PROBLEM TO WORK ON ::
If an entry holds a picture, leave the picture out and copy the rest exactly.

⟨

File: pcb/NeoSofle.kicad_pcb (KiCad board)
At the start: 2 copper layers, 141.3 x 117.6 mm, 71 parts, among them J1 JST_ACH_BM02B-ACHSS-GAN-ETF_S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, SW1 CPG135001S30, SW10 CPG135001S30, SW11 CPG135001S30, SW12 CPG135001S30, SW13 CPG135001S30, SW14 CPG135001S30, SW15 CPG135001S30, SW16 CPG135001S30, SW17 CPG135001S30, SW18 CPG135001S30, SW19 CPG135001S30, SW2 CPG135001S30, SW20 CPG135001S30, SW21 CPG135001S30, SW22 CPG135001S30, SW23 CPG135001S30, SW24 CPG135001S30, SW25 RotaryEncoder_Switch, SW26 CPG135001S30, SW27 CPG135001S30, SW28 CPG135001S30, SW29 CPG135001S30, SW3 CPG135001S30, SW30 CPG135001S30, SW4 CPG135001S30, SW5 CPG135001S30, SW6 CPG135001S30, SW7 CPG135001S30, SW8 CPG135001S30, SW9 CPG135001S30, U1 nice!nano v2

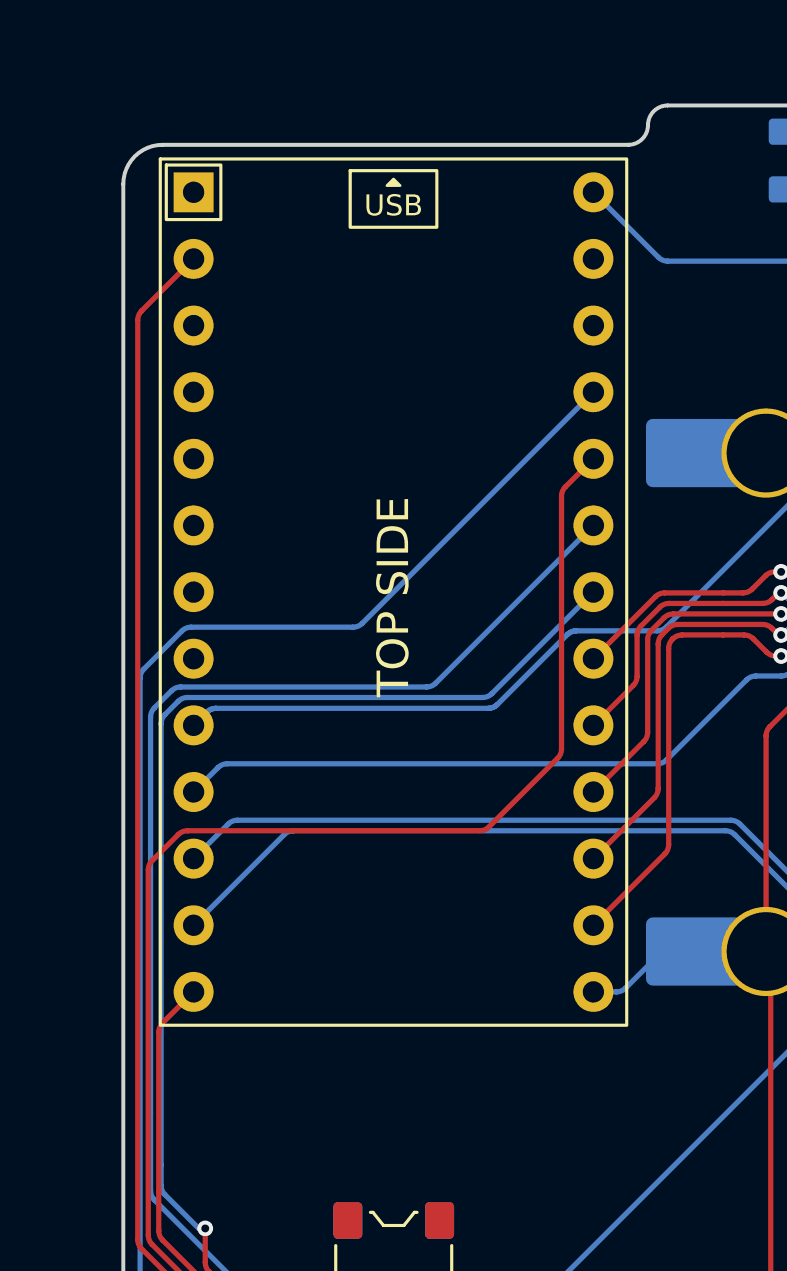
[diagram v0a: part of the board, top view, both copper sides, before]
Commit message: Add edge cutout for battery JST wire, enabling position battery on either side of PCB.
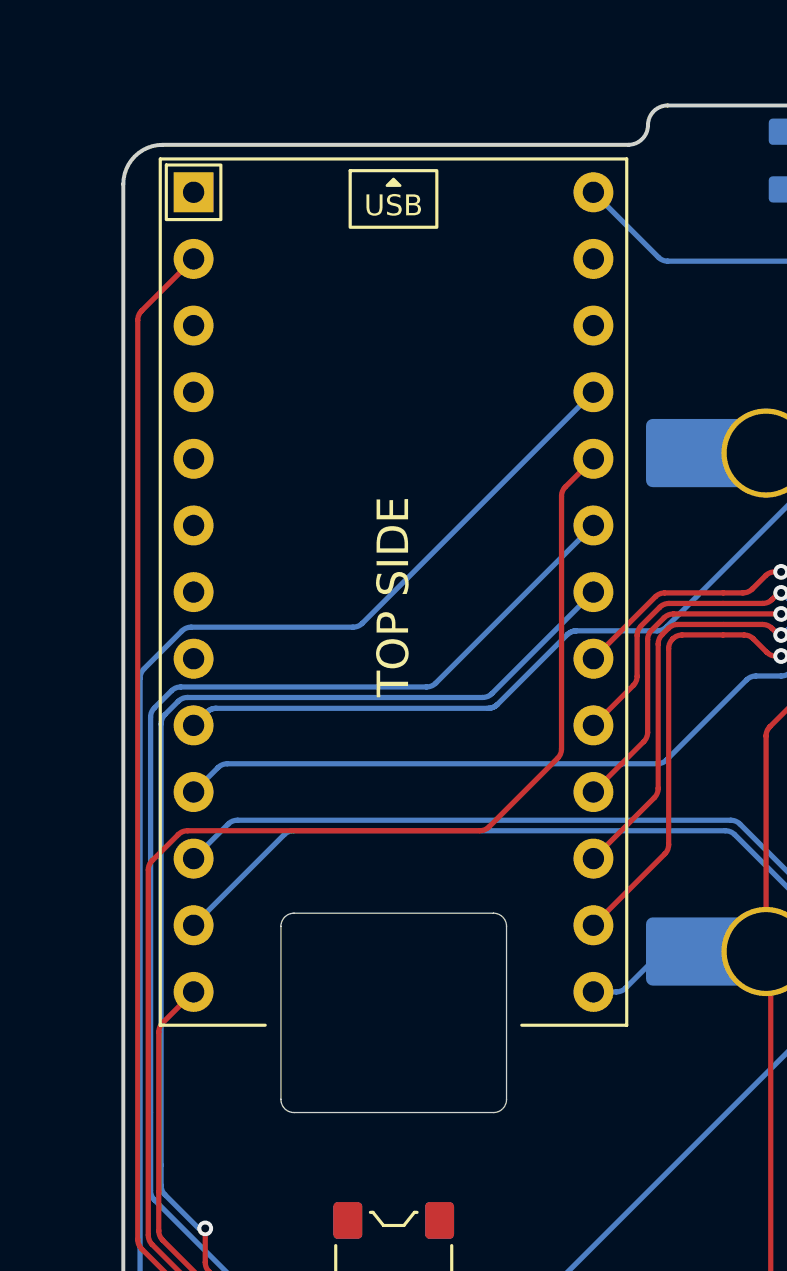
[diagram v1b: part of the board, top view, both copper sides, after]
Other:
- outline, holes or cut-outs redrawn

⟩

ANSWER AREA ::
File: pcb/NeoSofle.kicad_pcb (KiCad board)
At the start: 2 copper layers, 141.3 x 117.6 mm, 71 parts, among them J1 JST_ACH_BM02B-ACHSS-GAN-ETF_S, SW1 CPG135001S30, SW10 CPG135001S30, SW11 CPG135001S30, SW12 CPG135001S30, SW13 CPG135001S30, SW14 CPG135001S30, SW15 CPG135001S30, SW16 CPG135001S30, SW17 CPG135001S30, SW18 CPG135001S30, SW19 CPG135001S30, SW2 CPG135001S30, SW20 CPG135001S30, SW21 CPG135001S30, SW22 CPG135001S30, SW23 CPG135001S30, SW24 CPG135001S30, SW25 RotaryEncoder_Switch, SW26 CPG135001S30, SW27 CPG135001S30, SW28 CPG135001S30, SW29 CPG135001S30, SW3 CPG135001S30, SW30 CPG135001S30, SW4 CPG135001S30, SW5 CPG135001S30, SW6 CPG135001S30, SW7 CPG135001S30, SW8 CPG135001S30, SW9 CPG135001S30, U1 nice!nano v2

[diagram v0a: part of the board, top view, both copper sides, before]
Commit message: Add edge cutout for battery JST wire, enabling position battery on either side of PCB.
[diagram v1b: part of the board, top view, both copper sides, after]
Other:
- outline, holes or cut-outs redrawn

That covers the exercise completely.